- Opening Delimiter -

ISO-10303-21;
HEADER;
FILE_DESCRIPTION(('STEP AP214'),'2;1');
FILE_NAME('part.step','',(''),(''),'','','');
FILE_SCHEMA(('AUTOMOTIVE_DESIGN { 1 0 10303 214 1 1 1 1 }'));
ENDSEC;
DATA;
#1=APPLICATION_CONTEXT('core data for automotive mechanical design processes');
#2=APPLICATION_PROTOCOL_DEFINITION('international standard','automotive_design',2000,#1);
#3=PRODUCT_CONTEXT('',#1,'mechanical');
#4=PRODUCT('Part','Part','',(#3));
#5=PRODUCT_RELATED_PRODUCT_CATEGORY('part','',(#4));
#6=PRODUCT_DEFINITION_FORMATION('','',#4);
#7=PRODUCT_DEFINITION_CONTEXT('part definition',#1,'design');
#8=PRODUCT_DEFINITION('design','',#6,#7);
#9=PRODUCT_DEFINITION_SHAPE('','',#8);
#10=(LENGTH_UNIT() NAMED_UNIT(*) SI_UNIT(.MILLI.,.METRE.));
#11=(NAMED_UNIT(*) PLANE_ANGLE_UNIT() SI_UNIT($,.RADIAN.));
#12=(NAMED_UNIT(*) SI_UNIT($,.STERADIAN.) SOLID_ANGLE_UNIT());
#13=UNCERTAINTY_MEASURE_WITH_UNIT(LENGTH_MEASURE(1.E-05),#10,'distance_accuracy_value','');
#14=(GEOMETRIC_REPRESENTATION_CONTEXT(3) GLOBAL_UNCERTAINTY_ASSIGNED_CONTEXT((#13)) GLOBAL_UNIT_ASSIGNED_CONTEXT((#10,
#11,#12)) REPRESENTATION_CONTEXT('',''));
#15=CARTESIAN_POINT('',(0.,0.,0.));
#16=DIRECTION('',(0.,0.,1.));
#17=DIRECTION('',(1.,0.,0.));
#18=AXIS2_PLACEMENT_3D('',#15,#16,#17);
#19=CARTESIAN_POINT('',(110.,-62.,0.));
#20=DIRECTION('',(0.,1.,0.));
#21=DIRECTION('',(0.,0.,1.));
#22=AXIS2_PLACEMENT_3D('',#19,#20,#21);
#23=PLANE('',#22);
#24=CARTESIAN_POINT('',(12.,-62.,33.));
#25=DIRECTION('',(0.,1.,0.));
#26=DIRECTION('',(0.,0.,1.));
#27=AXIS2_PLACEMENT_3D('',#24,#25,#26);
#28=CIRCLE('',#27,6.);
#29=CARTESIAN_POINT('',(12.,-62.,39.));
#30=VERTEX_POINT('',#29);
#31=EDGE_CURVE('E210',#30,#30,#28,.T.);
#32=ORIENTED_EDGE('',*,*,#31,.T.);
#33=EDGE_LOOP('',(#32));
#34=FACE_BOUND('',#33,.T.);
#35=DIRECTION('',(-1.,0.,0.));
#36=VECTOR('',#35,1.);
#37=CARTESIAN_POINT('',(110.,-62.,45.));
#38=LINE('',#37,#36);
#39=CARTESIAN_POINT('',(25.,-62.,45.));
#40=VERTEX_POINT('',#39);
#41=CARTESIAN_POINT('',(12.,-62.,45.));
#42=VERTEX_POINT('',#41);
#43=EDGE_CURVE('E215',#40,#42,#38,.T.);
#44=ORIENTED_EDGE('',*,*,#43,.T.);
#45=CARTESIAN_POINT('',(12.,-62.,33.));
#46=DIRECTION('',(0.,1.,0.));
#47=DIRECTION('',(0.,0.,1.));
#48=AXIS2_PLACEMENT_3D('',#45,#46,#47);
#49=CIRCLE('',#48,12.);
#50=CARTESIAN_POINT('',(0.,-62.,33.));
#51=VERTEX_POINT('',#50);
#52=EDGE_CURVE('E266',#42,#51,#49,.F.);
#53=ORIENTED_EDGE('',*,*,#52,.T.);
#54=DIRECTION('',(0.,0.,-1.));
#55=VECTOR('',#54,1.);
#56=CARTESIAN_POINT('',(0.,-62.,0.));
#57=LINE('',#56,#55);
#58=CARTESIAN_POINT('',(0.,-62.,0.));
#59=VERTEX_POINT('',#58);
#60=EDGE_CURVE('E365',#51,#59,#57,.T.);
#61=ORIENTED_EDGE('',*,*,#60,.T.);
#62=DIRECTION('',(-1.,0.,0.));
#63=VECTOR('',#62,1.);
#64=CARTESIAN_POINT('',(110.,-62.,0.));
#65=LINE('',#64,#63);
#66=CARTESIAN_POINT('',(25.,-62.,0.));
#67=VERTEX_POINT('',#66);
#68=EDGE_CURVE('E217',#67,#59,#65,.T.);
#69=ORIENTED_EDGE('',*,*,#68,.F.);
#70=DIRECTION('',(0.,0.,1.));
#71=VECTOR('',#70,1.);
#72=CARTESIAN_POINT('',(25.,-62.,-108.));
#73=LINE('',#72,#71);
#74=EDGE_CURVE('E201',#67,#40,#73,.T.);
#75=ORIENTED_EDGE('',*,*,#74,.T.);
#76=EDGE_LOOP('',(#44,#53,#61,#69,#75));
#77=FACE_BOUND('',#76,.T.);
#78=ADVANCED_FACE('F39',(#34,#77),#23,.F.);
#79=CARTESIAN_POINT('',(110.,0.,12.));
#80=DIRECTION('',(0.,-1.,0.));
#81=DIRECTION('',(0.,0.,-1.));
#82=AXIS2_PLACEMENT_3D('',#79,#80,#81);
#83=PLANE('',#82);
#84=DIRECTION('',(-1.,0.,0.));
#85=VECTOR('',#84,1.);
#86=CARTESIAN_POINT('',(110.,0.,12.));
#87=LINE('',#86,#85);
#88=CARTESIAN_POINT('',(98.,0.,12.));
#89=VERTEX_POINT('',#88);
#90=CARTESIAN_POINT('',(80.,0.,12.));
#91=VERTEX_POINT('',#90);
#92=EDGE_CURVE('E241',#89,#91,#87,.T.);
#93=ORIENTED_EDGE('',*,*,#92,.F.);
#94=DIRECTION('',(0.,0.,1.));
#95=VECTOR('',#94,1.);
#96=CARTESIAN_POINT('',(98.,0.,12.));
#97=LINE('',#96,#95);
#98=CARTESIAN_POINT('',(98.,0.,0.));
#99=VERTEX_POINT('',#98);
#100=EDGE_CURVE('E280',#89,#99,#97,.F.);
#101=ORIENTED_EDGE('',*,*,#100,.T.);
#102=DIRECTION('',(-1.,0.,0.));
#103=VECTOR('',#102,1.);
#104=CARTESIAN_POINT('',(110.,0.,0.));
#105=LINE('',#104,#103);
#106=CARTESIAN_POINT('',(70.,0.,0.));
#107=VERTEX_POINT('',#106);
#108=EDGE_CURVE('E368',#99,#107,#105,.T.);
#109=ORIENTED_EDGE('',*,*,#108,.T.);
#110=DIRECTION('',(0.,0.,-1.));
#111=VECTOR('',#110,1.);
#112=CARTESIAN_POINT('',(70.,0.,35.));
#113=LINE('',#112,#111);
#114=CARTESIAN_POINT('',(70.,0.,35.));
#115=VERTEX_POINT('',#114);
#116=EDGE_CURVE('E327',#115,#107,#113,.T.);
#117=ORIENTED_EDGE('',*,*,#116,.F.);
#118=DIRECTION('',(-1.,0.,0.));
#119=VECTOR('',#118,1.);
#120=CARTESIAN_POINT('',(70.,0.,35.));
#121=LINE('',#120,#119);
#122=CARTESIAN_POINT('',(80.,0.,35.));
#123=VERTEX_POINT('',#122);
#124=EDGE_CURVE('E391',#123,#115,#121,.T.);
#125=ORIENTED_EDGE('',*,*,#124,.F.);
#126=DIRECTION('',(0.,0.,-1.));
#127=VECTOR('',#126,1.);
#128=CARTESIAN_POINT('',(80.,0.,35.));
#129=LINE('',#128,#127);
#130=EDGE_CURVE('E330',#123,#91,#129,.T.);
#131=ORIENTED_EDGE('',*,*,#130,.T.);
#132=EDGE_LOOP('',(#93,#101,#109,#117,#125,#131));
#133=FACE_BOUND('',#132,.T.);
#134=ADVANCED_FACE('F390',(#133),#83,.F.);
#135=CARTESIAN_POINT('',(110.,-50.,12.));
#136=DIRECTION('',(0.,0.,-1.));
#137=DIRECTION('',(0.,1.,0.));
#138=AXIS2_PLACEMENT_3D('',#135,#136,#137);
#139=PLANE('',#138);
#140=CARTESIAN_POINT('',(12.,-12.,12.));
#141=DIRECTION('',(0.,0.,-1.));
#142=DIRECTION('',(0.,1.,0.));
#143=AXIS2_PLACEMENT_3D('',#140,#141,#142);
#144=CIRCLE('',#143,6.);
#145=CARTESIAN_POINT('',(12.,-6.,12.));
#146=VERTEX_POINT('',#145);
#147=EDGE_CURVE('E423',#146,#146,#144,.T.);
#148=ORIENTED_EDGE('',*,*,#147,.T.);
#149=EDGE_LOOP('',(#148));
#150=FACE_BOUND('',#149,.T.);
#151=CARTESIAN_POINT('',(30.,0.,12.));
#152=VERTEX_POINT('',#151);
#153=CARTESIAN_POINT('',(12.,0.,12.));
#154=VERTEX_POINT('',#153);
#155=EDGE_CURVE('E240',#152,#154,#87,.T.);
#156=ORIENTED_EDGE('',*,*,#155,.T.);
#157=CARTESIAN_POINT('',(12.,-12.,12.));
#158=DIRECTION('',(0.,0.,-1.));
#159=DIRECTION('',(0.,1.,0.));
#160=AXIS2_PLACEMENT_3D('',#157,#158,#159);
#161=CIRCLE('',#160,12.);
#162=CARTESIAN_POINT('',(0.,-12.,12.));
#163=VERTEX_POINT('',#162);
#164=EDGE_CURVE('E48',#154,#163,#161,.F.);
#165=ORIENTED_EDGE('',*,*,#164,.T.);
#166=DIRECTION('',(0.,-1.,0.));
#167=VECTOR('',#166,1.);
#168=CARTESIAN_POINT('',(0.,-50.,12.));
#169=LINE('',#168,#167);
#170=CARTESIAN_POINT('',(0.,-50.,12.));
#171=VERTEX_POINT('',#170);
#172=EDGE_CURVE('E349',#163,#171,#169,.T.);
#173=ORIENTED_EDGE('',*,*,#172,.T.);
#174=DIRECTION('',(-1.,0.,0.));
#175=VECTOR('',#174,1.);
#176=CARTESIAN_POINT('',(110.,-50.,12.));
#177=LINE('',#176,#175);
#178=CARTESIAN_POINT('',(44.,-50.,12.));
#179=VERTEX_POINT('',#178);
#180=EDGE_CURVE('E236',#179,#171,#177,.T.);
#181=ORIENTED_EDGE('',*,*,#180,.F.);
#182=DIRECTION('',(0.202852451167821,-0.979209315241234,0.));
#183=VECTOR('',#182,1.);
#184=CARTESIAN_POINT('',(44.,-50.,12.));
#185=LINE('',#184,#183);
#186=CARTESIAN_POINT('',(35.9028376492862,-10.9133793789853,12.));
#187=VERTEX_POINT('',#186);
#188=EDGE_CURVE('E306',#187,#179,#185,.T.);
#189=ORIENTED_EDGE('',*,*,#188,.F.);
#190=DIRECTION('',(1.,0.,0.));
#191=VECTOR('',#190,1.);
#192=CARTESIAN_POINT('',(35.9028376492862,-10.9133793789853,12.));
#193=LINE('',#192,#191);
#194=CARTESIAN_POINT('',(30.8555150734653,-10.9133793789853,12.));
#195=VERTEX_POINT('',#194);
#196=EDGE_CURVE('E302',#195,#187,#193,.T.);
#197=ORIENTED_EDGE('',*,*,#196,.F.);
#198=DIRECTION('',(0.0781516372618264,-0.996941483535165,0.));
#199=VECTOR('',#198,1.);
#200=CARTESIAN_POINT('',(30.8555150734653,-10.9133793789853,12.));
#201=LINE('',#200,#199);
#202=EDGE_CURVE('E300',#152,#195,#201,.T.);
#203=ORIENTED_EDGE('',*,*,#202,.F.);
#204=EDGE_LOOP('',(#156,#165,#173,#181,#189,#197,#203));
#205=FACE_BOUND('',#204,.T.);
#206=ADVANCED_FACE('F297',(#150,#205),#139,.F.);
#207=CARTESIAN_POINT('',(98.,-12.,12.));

- Closing Delimiter -

## What this task involves
Each line from the one containing "#195=VERTEX_POINT('',#194);" to the end of the records should be echoed exactly, and no other line.

## Result for this exercise
#195=VERTEX_POINT('',#194);
#196=EDGE_CURVE('E302',#195,#187,#193,.T.);
#197=ORIENTED_EDGE('',*,*,#196,.F.);
#198=DIRECTION('',(0.0781516372618264,-0.996941483535165,0.));
#199=VECTOR('',#198,1.);
#200=CARTESIAN_POINT('',(30.8555150734653,-10.9133793789853,12.));
#201=LINE('',#200,#199);
#202=EDGE_CURVE('E300',#152,#195,#201,.T.);
#203=ORIENTED_EDGE('',*,*,#202,.F.);
#204=EDGE_LOOP('',(#156,#165,#173,#181,#189,#197,#203));
#205=FACE_BOUND('',#204,.T.);
#206=ADVANCED_FACE('F297',(#150,#205),#139,.F.);
#207=CARTESIAN_POINT('',(98.,-12.,12.));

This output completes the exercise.